RECORDS FOR PROCESSING section start
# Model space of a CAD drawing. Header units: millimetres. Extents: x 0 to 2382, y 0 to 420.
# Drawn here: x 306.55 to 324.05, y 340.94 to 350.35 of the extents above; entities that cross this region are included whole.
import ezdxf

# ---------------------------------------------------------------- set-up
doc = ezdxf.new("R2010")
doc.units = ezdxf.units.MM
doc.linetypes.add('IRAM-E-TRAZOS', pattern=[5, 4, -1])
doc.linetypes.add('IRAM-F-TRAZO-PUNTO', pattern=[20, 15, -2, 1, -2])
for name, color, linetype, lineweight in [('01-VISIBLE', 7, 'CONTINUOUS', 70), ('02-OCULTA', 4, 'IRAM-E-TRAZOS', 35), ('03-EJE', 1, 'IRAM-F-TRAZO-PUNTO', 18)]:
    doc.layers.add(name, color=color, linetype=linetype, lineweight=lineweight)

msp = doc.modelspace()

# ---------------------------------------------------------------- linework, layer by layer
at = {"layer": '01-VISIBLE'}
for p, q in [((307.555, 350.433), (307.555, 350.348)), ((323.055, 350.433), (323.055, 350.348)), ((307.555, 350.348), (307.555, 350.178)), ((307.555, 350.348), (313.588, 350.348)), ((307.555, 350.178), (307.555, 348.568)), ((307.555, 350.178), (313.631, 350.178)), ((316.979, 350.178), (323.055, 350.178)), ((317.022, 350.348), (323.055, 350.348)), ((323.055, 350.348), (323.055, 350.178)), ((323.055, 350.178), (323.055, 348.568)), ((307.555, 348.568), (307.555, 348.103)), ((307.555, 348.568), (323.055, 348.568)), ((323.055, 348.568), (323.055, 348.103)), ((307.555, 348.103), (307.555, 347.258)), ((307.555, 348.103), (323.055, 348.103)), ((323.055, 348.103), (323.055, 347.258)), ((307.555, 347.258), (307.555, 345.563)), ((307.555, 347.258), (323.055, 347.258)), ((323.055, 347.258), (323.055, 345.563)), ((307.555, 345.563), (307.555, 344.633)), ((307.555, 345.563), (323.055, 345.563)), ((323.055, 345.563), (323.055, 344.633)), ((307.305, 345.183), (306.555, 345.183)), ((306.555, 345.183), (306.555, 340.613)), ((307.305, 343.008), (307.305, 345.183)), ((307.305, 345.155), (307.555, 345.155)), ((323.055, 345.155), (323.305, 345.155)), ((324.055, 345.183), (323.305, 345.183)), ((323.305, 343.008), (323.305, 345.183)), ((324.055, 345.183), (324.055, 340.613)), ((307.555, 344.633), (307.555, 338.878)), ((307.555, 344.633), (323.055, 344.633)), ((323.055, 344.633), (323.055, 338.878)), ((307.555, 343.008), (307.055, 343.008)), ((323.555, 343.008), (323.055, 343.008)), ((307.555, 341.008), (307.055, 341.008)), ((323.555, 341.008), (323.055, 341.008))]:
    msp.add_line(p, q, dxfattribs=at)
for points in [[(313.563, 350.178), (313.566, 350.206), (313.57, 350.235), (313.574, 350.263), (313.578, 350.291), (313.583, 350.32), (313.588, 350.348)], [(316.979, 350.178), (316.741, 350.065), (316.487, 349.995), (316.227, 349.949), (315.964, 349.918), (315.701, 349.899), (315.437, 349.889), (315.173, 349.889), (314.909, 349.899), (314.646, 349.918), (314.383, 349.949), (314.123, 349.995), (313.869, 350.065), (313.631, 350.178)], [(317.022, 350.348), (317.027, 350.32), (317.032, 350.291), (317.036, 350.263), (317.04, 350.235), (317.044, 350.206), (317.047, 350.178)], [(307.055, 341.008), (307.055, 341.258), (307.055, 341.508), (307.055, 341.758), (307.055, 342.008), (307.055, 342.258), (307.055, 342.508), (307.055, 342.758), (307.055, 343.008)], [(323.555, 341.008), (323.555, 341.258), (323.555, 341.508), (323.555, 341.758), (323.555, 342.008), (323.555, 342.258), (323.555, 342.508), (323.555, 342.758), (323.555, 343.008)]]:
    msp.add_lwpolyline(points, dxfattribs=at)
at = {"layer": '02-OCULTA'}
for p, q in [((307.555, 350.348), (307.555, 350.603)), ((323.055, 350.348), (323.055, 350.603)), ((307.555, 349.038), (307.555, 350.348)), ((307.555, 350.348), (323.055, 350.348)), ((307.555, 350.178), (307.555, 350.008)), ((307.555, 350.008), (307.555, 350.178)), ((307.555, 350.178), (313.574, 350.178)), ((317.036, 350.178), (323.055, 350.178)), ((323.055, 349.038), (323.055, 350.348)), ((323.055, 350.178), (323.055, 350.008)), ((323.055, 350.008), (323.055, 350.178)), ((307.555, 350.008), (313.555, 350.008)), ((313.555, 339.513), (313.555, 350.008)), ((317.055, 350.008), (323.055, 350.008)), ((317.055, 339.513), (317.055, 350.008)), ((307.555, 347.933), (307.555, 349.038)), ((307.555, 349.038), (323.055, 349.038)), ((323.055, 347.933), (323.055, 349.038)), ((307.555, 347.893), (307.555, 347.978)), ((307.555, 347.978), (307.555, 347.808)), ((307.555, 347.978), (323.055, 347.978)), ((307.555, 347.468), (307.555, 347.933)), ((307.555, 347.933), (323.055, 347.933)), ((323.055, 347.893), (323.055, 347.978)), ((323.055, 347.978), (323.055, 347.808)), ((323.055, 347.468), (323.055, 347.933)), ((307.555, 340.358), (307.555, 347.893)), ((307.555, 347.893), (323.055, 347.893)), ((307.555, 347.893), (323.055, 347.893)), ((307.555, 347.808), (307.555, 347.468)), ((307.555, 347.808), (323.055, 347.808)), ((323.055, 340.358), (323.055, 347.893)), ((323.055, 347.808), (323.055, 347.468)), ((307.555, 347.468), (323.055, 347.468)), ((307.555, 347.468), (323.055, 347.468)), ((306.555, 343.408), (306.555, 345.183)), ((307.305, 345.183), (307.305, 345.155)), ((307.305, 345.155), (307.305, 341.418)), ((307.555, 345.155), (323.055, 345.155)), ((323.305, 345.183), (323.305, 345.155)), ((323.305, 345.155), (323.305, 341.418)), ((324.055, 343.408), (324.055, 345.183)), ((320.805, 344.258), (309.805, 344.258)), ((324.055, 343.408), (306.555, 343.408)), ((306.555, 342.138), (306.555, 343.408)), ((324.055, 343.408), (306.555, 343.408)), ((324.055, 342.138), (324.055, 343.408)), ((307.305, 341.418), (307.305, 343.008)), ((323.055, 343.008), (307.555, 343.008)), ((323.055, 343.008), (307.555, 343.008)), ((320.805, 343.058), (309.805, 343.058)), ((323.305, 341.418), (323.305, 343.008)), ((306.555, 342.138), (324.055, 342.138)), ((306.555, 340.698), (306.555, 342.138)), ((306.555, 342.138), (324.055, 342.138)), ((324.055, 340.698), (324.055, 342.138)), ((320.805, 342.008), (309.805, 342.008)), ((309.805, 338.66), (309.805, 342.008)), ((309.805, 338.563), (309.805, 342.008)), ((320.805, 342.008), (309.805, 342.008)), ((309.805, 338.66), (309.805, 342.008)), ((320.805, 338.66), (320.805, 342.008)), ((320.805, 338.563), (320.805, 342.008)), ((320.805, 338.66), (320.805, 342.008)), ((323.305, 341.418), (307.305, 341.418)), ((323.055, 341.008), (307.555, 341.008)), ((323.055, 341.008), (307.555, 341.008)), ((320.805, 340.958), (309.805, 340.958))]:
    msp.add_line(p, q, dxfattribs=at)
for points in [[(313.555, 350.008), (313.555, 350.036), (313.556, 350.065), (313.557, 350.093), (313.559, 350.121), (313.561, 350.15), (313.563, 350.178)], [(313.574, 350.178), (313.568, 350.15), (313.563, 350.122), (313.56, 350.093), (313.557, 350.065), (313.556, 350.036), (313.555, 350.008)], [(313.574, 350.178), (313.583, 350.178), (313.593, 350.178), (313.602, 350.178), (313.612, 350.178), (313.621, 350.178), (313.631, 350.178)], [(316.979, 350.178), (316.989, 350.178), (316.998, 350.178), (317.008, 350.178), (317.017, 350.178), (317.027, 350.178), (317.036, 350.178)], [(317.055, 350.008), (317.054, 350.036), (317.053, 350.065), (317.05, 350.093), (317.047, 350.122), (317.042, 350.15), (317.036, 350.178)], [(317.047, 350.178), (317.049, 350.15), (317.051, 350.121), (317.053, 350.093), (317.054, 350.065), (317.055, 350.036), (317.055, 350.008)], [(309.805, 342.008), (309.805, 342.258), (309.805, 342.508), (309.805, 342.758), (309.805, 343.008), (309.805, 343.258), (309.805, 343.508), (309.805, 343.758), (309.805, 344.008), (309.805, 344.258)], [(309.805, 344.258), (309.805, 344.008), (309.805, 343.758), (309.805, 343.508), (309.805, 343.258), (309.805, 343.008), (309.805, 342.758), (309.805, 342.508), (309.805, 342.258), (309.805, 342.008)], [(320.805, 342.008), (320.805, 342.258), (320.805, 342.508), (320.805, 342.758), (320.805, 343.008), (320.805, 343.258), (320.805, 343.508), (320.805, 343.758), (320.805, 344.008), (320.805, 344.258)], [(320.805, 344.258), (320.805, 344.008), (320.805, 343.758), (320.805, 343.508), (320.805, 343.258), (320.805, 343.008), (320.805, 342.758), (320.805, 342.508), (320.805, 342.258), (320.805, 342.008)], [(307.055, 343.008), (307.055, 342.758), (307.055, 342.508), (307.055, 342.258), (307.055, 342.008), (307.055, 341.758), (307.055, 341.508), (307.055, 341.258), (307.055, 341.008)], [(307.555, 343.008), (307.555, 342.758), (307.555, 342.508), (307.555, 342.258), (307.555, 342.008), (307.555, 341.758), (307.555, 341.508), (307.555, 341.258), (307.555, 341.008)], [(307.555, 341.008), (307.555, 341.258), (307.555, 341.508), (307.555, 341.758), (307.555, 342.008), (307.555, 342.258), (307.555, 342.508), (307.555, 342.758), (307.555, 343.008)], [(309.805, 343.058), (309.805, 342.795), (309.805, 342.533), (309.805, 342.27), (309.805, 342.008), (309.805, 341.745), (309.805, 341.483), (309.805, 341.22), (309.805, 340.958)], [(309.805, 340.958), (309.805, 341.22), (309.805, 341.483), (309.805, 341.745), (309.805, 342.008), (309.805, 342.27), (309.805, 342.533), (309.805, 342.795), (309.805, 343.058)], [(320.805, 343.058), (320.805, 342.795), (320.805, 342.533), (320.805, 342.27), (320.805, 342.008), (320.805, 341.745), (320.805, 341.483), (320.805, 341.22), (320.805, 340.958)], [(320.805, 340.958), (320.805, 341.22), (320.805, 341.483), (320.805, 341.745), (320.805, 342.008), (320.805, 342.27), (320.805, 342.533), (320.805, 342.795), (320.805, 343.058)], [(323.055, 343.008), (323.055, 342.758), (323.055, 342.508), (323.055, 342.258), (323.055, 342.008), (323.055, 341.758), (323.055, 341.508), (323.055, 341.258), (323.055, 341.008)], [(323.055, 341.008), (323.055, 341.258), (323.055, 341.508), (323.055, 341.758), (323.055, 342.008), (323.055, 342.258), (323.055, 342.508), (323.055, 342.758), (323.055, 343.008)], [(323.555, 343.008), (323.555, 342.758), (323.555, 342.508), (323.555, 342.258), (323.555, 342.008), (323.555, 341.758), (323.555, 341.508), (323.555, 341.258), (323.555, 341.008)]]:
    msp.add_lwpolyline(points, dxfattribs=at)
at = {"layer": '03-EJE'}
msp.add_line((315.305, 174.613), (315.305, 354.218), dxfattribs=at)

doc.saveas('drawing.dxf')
RECORDS FOR PROCESSING section end
- _WHAT IS REQUIRED_
All that belongs in your answer is the stretch of entries above from the line with "import ezdxf" through the line with "15, -2, 1, -2])", printed exactly.

- _TASK RESPONSE_
import ezdxf

# ---------------------------------------------------------------- set-up
doc = ezdxf.new("R2010")
doc.units = ezdxf.units.MM
doc.linetypes.add('IRAM-E-TRAZOS', pattern=[5, 4, -1])
doc.linetypes.add('IRAM-F-TRAZO-PUNTO', pattern=[20, 15, -2, 1, -2])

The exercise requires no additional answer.